Could not find any code on the internet that does this.
Maybe I need to have a sub-process, but I am not familiar with that at all.
Does anyone have an example that I can use?
Use this timeout decorator.
import signal
class TimeoutError(Exception):
def __init__(self, value = "Timed Out"):
self.value = value
def __str__(self):
return repr(self.value)
def timeout(seconds_before_timeout):
def decorate(f):
def handler(signum, frame):
raise TimeoutError()
def new_f(*args, **kwargs):
old = signal.signal(signal.SIGALRM, handler)
signal.alarm(seconds_before_timeout)
try:
result = f(*args, **kwargs)
finally:
signal.signal(signal.SIGALRM, old)
signal.alarm(0)
return result
new_f.func_name = f.func_name
return new_f
return decorate
Usage:
import time
#timeout(5)
def mytest():
print "Start"
for i in range(1,10):
time.sleep(1)
print "%d seconds have passed" % i
if __name__ == '__main__':
mytest()
Probably the most straight-forward approach (you can put this into a decorator if you like, but that's just cosmetics I think):
import time
import datetime
class MySQLWrapper:
def __init__(self, min_period_seconds):
self.min_period = datetime.timedelta(seconds=min_period_seconds)
self.last_calltime = datetime.datetime.now() - self.min_period
def insert(self, item):
now = datetime.datetime.now()
if now-self.last_calltime < self.min_period:
print "not insert"
else:
self.last_calltime = now
print "insert", item
m = MySQLWrapper(5)
m.insert(1) # insert 1
m.insert(2) # not insert
time.sleep(5)
m.insert(3) # insert 3
As a side-note: Have you noticed RRDTool during your web-search for related stuff?

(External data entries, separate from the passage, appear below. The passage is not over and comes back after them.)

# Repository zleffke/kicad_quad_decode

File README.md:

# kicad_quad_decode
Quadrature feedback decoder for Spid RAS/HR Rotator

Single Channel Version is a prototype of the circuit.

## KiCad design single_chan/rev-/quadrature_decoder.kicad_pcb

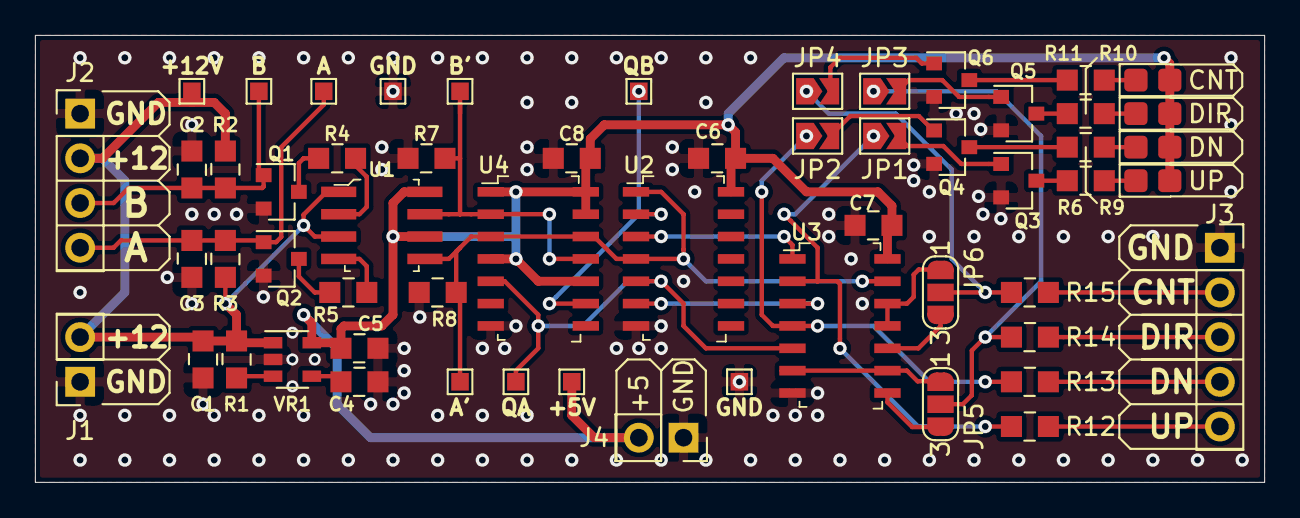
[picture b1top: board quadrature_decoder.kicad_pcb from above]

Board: 2 copper layers, 69.8 x 25.4 mm, 58 parts (0 on the bottom side), 41 nets.

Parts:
+5V, +12V: TestPoint; TestPoint_Pad_1.0x1.0mm
A: TestPoint; TestPoint_Pad_1.0x1.0mm
A': TestPoint; TestPoint_Pad_1.0x1.0mm
B: TestPoint; TestPoint_Pad_1.0x1.0mm
B': TestPoint; TestPoint_Pad_1.0x1.0mm
C1: 10uF; 0805
C2, C3, C4, C5, C6, C7, C8: 1uF; 0805
D1: UP; LED_0805_2012Metric_Castellated
D2: DN; LED_0805_2012Metric_Castellated
D3: DIR; LED_0805_2012Metric_Castellated
D4: CNT; LED_0805_2012Metric_Castellated
GND: TestPoint; TestPoint_Pad_1.0x1.0mm
GND#2: TestPoint; TestPoint_Pad_1.0x1.0mm
J1: Power; PinSocket_1x02_P2.54mm_Vertical
J2: Quad; PinHeader_1x04_P2.54mm_Vertical
J3: Output; PinSocket_1x05_P2.54mm_Vertical
J4: 5V_OUT; PinSocket_1x02_P2.54mm_Vertical
JP1, JP2, JP3, JP4: SJB; SolderJumper-2_P1.3mm_Open_TrianglePad1.0x1.5mm
JP5, JP6: SJB; SolderJumper-3_P1.3mm_Open_RoundedPad1.0x1.5mm_NumberLabels
Q1, Q2, Q3, Q4, Q5, Q6: DMG3414U; SOT-23
QA: TestPoint; TestPoint_Pad_1.0x1.0mm
QB: TestPoint; TestPoint_Pad_1.0x1.0mm
R1, R2, R3: 100k; 0805
R4, R5, R12, R13, R14, R15: 1k; 0805
R6, R9, R10, R11: 220; 0805
R7, R8: 10k; 0805
U1: ILD207T; SOIC-8_W3.9mm
U2: 74HC00; SOIC-14_W3.9mm
U3: 74AHC04; SOIC-14_W3.9mm
U4: 74HC74; SOIC-14_W3.9mm
VR1: SPX3819M5-L-5-0; SOT-23-5

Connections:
+5V: +5V.1, C5.1, C6.1, C7.2, C8.2, D1.2, D2.2, D3.2, D4.2, J4.2, U1.6, U1.8, U2.14, U3.14, U4.1, U4.4, U4.10, U4.13, U4.14, VR1.5
+12V: +12V.1, C1.1, J1.2, J2.2, R1.1, R2.1, R3.1, U1.1, U1.3, VR1.1
/A: A.1, C3.1, J2.4, Q2.1, R3.2
/B: B.1, C2.1, J2.3, Q1.1, R2.2
/COUNT: J3.2, R15.2
/DIR: J3.3, R14.2
/DN(CCW): J3.4, R13.2
/UP(CW): J3.5, R12.2
/cnt: JP4.1, JP6.2, R15.1
/dir: JP3.1, JP5.2, R14.1
/dn: JP2.1, R13.1, U3.4
/up: JP1.1, R12.1, U3.2
GND: C1.2, C2.2, C3.2, C4.2, C5.2, C6.2, C7.1, C8.1, GND.1, GND#2.1, J1.1, J2.1, J3.1, J4.1, Q1.2, Q2.2, Q3.2, Q4.2, Q5.2, Q6.2, R7.1, R8.1, U2.7, U3.7, U4.7, VR1.2
unnamed: C4.1, VR1.4
unnamed: D1.1, R6.2
unnamed: D2.1, R9.2
unnamed: D3.1, R10.2
unnamed: D4.1, R11.2
unnamed: JP1.2, Q3.1
unnamed: JP2.2, Q4.1
unnamed: JP3.2, Q5.1
unnamed: JP4.2, Q6.1
unnamed: JP5.1, U3.6, U3.9
unnamed: JP5.3, U3.8
unnamed: JP6.1, U3.11, U3.12
unnamed: JP6.3, U3.10
unnamed: Q1.3, R4.2
unnamed: Q2.3, R5.2
unnamed: Q3.3, R6.1
unnamed: Q4.3, R9.1
unnamed: Q5.3, R10.1
unnamed: Q6.3, R11.1
unnamed: R1.2, VR1.3
unnamed: R4.1, U1.2
unnamed: R5.1, U1.4
unnamed: B'.1, R7.2, U1.7, U4.2, U4.11
unnamed: A'.1, R8.2, U1.5, U2.1, U2.4, U3.13, U4.3, U4.12
unnamed: QB.1, U2.2, U4.9
unnamed: QA.1, U2.5, U3.5, U4.5
unnamed: U2.3, U3.1
unnamed: U2.6, U3.3

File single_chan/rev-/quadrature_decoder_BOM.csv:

Ref,Qnty,Value,Footprint,Description,Link
"C1, ",1,10uF,digikey-footprints:0805,Unpolarized capacitor,
"C2, C3, C6, C7, C5, C8, C4, ",7,1uF,digikey-footprints:0805,Unpolarized capacitor,
"D1, ",1,UP,LED_SMD:LED_0805_2012Metric_Castellated,Light emitting diode,
"D2, ",1,DN,LED_SMD:LED_0805_2012Metric_Castellated,Light emitting diode,
"D3, ",1,DIR,LED_SMD:LED_0805_2012Metric_Castellated,Light emitting diode,
"D4, ",1,CNT,LED_SMD:LED_0805_2012Metric_Castellated,Light emitting diode,
"Q2, Q1, Q3, Q6, Q5, Q4, ",6,DMG3414U,Package_TO_SOT_SMD:SOT-23,"4.2A Id, 20V Vds, N-Channel MOSFET, SOT-23",
"R3, R2, R1, ",3,100k,digikey-footprints:0805,"Resistor, US symbol",
"R5, R12, R13, R14, R15, R4, ",6,1k,digikey-footprints:0805,"Resistor, US symbol",
"R6, R9, R10, R11, ",4,220,digikey-footprints:0805,"Resistor, US symbol",
"R7, R8, ",2,10k,digikey-footprints:0805,"Resistor, US symbol",
"U1, ",1,ILD207T,digikey-footprints:SOIC-8_W3.9mm,OPTOISOLTR 4KV 2CH TRANS 8-SOIC,LINK
"U2, ",1,74HC00,digikey-footprints:SOIC-14_W3.9mm,quad 2-input NAND gate,LINK
"U3, ",1,74AHC04,digikey-footprints:SOIC-14_W3.9mm,Hex Inverter,LINK
"U4, ",1,74HC74,digikey-footprints:SOIC-14_W3.9mm,"Dual D Flip-flop, Set & Reset",LINK
"VR1, ",1,SPX3819M5-L-5-0,Package_TO_SOT_SMD:SOT-23-5,"500mA Low drop-out regulator, Fixed Output 5.0V, SOT-23-5",LINK

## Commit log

2019-11-03 adding single channel, rev-, quad decoder. This commit was purchased from Osh Park.
2019-11-03 adding pdf of schematic
2019-11-03 added BOM

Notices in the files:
single_chan/rev-/quadrature_decoder.kicad_pcb:
License: CC BY 4.0

It does apparantly what you want to achieve, i.e.
a database to store the most recent values of arbitrary resolution/update frequency.
extrapolation/interpolation of values if updates are too frequent or missing.
generates graphs from the data.
An approach could be to store all data you can get into your MySQL database and forward a subset to such RRDTool database to generate a nice time series visualization of it. Depending on what you might need.
import time
def timeout(f, k, n):
last_time = [time.time()]
count = [0]
def inner(*args, **kwargs):
distance = time.time() - last_time[0]
if distance > k:
last_time[0] = time.time()
count[0] = 0
return f(*args, **kwargs)
elif distance < k and (count[0]+1) == n:
return False
else:
count[0] += 1
return f(*args, **kwargs)
return inner
timed = timeout(lambda x, y : x + y, 300, 1)
print timed(2, 4)
First argument is the function you want run, second is the time interval, and the third is the number of times it's allowed to run in that time interval.
Each time the function is run save a file with the current time. When the function is run again check the time stored in the file and make sure it is old enough.
Just derive to a new class and override the insert function. In the overwriting function, check last insert time and call father's insert method if it has been more than five minutes, and of course update the most recent insert time.